* [Assignment]: Would you repeat all the lines below, exactly as they stand?

* [Given data]:
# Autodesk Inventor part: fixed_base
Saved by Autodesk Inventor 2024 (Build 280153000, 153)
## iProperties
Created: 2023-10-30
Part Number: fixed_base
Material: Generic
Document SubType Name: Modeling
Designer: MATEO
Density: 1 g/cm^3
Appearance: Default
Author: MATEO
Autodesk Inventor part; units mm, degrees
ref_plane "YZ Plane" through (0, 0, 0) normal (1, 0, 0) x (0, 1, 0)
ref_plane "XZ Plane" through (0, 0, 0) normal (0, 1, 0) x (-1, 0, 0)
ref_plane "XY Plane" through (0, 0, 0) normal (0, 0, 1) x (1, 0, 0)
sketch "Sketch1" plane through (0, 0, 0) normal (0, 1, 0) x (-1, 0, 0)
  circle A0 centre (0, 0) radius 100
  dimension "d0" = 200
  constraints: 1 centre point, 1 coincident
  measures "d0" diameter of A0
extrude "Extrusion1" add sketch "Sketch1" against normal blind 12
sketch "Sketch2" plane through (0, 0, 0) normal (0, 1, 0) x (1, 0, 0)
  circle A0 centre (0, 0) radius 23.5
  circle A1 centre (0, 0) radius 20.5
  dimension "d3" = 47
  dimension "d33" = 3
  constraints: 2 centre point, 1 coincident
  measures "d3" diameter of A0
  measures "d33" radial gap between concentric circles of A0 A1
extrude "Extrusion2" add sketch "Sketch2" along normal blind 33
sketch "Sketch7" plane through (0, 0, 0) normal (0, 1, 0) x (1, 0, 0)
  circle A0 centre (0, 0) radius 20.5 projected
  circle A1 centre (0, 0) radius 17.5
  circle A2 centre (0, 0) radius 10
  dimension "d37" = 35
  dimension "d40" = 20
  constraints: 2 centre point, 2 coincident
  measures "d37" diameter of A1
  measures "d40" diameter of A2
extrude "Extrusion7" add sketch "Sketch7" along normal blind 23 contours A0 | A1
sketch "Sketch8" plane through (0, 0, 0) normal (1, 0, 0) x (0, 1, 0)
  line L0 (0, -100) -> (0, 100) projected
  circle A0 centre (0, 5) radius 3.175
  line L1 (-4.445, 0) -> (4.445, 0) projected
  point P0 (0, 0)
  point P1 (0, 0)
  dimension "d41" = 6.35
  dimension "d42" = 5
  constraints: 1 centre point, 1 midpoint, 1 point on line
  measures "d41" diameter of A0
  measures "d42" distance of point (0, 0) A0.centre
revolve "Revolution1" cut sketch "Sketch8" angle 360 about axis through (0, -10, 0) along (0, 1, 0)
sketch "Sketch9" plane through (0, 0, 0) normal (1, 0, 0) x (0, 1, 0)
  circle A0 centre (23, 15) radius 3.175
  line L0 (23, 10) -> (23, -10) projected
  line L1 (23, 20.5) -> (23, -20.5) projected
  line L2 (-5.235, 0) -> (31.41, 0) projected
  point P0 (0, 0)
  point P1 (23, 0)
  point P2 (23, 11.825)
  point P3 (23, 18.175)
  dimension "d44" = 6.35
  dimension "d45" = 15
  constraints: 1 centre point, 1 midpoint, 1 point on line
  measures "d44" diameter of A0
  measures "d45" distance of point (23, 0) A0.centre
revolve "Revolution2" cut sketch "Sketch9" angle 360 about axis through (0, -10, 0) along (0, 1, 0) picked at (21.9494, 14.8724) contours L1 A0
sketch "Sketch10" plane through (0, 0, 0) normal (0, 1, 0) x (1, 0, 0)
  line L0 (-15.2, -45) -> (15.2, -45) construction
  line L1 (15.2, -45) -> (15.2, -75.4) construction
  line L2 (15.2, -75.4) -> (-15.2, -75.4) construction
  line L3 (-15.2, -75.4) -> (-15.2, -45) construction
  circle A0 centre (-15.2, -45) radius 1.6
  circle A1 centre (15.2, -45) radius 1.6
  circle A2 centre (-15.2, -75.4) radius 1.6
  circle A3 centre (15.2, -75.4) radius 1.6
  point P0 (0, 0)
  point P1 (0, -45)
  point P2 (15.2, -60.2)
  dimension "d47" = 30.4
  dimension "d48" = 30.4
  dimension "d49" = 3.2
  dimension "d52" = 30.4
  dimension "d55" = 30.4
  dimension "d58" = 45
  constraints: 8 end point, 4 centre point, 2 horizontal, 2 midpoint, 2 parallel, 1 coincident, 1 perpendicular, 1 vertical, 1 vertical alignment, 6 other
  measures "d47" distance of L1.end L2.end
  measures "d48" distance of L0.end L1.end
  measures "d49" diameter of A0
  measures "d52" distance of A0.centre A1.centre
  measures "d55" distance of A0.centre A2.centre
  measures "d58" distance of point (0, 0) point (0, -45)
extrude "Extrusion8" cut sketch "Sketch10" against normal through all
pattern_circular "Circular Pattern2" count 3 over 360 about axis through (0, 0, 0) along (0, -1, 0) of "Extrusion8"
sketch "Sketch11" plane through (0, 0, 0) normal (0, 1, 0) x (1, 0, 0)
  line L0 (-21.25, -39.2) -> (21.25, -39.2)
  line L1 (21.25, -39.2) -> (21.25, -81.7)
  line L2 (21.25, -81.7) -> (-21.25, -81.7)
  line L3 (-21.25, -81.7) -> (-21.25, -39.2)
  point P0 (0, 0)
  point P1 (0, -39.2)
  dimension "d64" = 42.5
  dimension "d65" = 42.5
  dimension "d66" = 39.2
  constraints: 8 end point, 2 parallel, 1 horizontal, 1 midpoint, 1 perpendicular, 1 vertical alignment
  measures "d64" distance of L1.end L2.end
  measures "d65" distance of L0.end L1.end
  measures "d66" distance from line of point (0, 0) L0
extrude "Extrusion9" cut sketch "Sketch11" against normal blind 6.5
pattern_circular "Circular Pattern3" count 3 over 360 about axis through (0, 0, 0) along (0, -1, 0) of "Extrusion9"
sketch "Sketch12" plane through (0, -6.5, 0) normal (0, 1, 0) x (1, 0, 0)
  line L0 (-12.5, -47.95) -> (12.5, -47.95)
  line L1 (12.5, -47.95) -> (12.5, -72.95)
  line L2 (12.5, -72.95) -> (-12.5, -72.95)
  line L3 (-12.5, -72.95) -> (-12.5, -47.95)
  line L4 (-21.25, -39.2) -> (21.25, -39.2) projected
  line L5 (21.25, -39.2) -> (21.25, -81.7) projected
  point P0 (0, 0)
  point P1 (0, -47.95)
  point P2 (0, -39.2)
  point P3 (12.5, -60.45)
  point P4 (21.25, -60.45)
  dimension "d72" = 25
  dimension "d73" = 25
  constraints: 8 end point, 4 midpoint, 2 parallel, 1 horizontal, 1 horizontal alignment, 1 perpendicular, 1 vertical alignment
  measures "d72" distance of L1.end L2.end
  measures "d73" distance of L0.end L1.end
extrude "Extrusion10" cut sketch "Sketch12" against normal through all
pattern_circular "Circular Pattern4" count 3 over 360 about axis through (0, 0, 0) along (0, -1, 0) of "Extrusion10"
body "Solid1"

* [Solution for this task]:
# Autodesk Inventor part: fixed_base
Saved by Autodesk Inventor 2024 (Build 280153000, 153)
## iProperties
Created: 2023-10-30
Part Number: fixed_base
Material: Generic
Document SubType Name: Modeling
Designer: MATEO
Density: 1 g/cm^3
Appearance: Default
Author: MATEO
Autodesk Inventor part; units mm, degrees
ref_plane "YZ Plane" through (0, 0, 0) normal (1, 0, 0) x (0, 1, 0)
ref_plane "XZ Plane" through (0, 0, 0) normal (0, 1, 0) x (-1, 0, 0)
ref_plane "XY Plane" through (0, 0, 0) normal (0, 0, 1) x (1, 0, 0)
sketch "Sketch1" plane through (0, 0, 0) normal (0, 1, 0) x (-1, 0, 0)
  circle A0 centre (0, 0) radius 100
  dimension "d0" = 200
  constraints: 1 centre point, 1 coincident
  measures "d0" diameter of A0
extrude "Extrusion1" add sketch "Sketch1" against normal blind 12
sketch "Sketch2" plane through (0, 0, 0) normal (0, 1, 0) x (1, 0, 0)
  circle A0 centre (0, 0) radius 23.5
  circle A1 centre (0, 0) radius 20.5
  dimension "d3" = 47
  dimension "d33" = 3
  constraints: 2 centre point, 1 coincident
  measures "d3" diameter of A0
  measures "d33" radial gap between concentric circles of A0 A1
extrude "Extrusion2" add sketch "Sketch2" along normal blind 33
sketch "Sketch7" plane through (0, 0, 0) normal (0, 1, 0) x (1, 0, 0)
  circle A0 centre (0, 0) radius 20.5 projected
  circle A1 centre (0, 0) radius 17.5
  circle A2 centre (0, 0) radius 10
  dimension "d37" = 35
  dimension "d40" = 20
  constraints: 2 centre point, 2 coincident
  measures "d37" diameter of A1
  measures "d40" diameter of A2
extrude "Extrusion7" add sketch "Sketch7" along normal blind 23 contours A0 | A1
sketch "Sketch8" plane through (0, 0, 0) normal (1, 0, 0) x (0, 1, 0)
  line L0 (0, -100) -> (0, 100) projected
  circle A0 centre (0, 5) radius 3.175
  line L1 (-4.445, 0) -> (4.445, 0) projected
  point P0 (0, 0)
  point P1 (0, 0)
  dimension "d41" = 6.35
  dimension "d42" = 5
  constraints: 1 centre point, 1 midpoint, 1 point on line
  measures "d41" diameter of A0
  measures "d42" distance of point (0, 0) A0.centre
revolve "Revolution1" cut sketch "Sketch8" angle 360 about axis through (0, -10, 0) along (0, 1, 0)
sketch "Sketch9" plane through (0, 0, 0) normal (1, 0, 0) x (0, 1, 0)
  circle A0 centre (23, 15) radius 3.175
  line L0 (23, 10) -> (23, -10) projected
  line L1 (23, 20.5) -> (23, -20.5) projected
  line L2 (-5.235, 0) -> (31.41, 0) projected
  point P0 (0, 0)
  point P1 (23, 0)
  point P2 (23, 11.825)
  point P3 (23, 18.175)
  dimension "d44" = 6.35
  dimension "d45" = 15
  constraints: 1 centre point, 1 midpoint, 1 point on line
  measures "d44" diameter of A0
  measures "d45" distance of point (23, 0) A0.centre
revolve "Revolution2" cut sketch "Sketch9" angle 360 about axis through (0, -10, 0) along (0, 1, 0) picked at (21.9494, 14.8724) contours L1 A0
sketch "Sketch10" plane through (0, 0, 0) normal (0, 1, 0) x (1, 0, 0)
  line L0 (-15.2, -45) -> (15.2, -45) construction
  line L1 (15.2, -45) -> (15.2, -75.4) construction
  line L2 (15.2, -75.4) -> (-15.2, -75.4) construction
  line L3 (-15.2, -75.4) -> (-15.2, -45) construction
  circle A0 centre (-15.2, -45) radius 1.6
  circle A1 centre (15.2, -45) radius 1.6
  circle A2 centre (-15.2, -75.4) radius 1.6
  circle A3 centre (15.2, -75.4) radius 1.6
  point P0 (0, 0)
  point P1 (0, -45)
  point P2 (15.2, -60.2)
  dimension "d47" = 30.4
  dimension "d48" = 30.4
  dimension "d49" = 3.2
  dimension "d52" = 30.4
  dimension "d55" = 30.4
  dimension "d58" = 45
  constraints: 8 end point, 4 centre point, 2 horizontal, 2 midpoint, 2 parallel, 1 coincident, 1 perpendicular, 1 vertical, 1 vertical alignment, 6 other
  measures "d47" distance of L1.end L2.end
  measures "d48" distance of L0.end L1.end
  measures "d49" diameter of A0
  measures "d52" distance of A0.centre A1.centre
  measures "d55" distance of A0.centre A2.centre
  measures "d58" distance of point (0, 0) point (0, -45)
extrude "Extrusion8" cut sketch "Sketch10" against normal through all
pattern_circular "Circular Pattern2" count 3 over 360 about axis through (0, 0, 0) along (0, -1, 0) of "Extrusion8"
sketch "Sketch11" plane through (0, 0, 0) normal (0, 1, 0) x (1, 0, 0)
  line L0 (-21.25, -39.2) -> (21.25, -39.2)
  line L1 (21.25, -39.2) -> (21.25, -81.7)
  line L2 (21.25, -81.7) -> (-21.25, -81.7)
  line L3 (-21.25, -81.7) -> (-21.25, -39.2)
  point P0 (0, 0)
  point P1 (0, -39.2)
  dimension "d64" = 42.5
  dimension "d65" = 42.5
  dimension "d66" = 39.2
  constraints: 8 end point, 2 parallel, 1 horizontal, 1 midpoint, 1 perpendicular, 1 vertical alignment
  measures "d64" distance of L1.end L2.end
  measures "d65" distance of L0.end L1.end
  measures "d66" distance from line of point (0, 0) L0
extrude "Extrusion9" cut sketch "Sketch11" against normal blind 6.5
pattern_circular "Circular Pattern3" count 3 over 360 about axis through (0, 0, 0) along (0, -1, 0) of "Extrusion9"
sketch "Sketch12" plane through (0, -6.5, 0) normal (0, 1, 0) x (1, 0, 0)
  line L0 (-12.5, -47.95) -> (12.5, -47.95)
  line L1 (12.5, -47.95) -> (12.5, -72.95)
  line L2 (12.5, -72.95) -> (-12.5, -72.95)
  line L3 (-12.5, -72.95) -> (-12.5, -47.95)
  line L4 (-21.25, -39.2) -> (21.25, -39.2) projected
  line L5 (21.25, -39.2) -> (21.25, -81.7) projected
  point P0 (0, 0)
  point P1 (0, -47.95)
  point P2 (0, -39.2)
  point P3 (12.5, -60.45)
  point P4 (21.25, -60.45)
  dimension "d72" = 25
  dimension "d73" = 25
  constraints: 8 end point, 4 midpoint, 2 parallel, 1 horizontal, 1 horizontal alignment, 1 perpendicular, 1 vertical alignment
  measures "d72" distance of L1.end L2.end
  measures "d73" distance of L0.end L1.end
extrude "Extrusion10" cut sketch "Sketch12" against normal through all
pattern_circular "Circular Pattern4" count 3 over 360 about axis through (0, 0, 0) along (0, -1, 0) of "Extrusion10"
body "Solid1"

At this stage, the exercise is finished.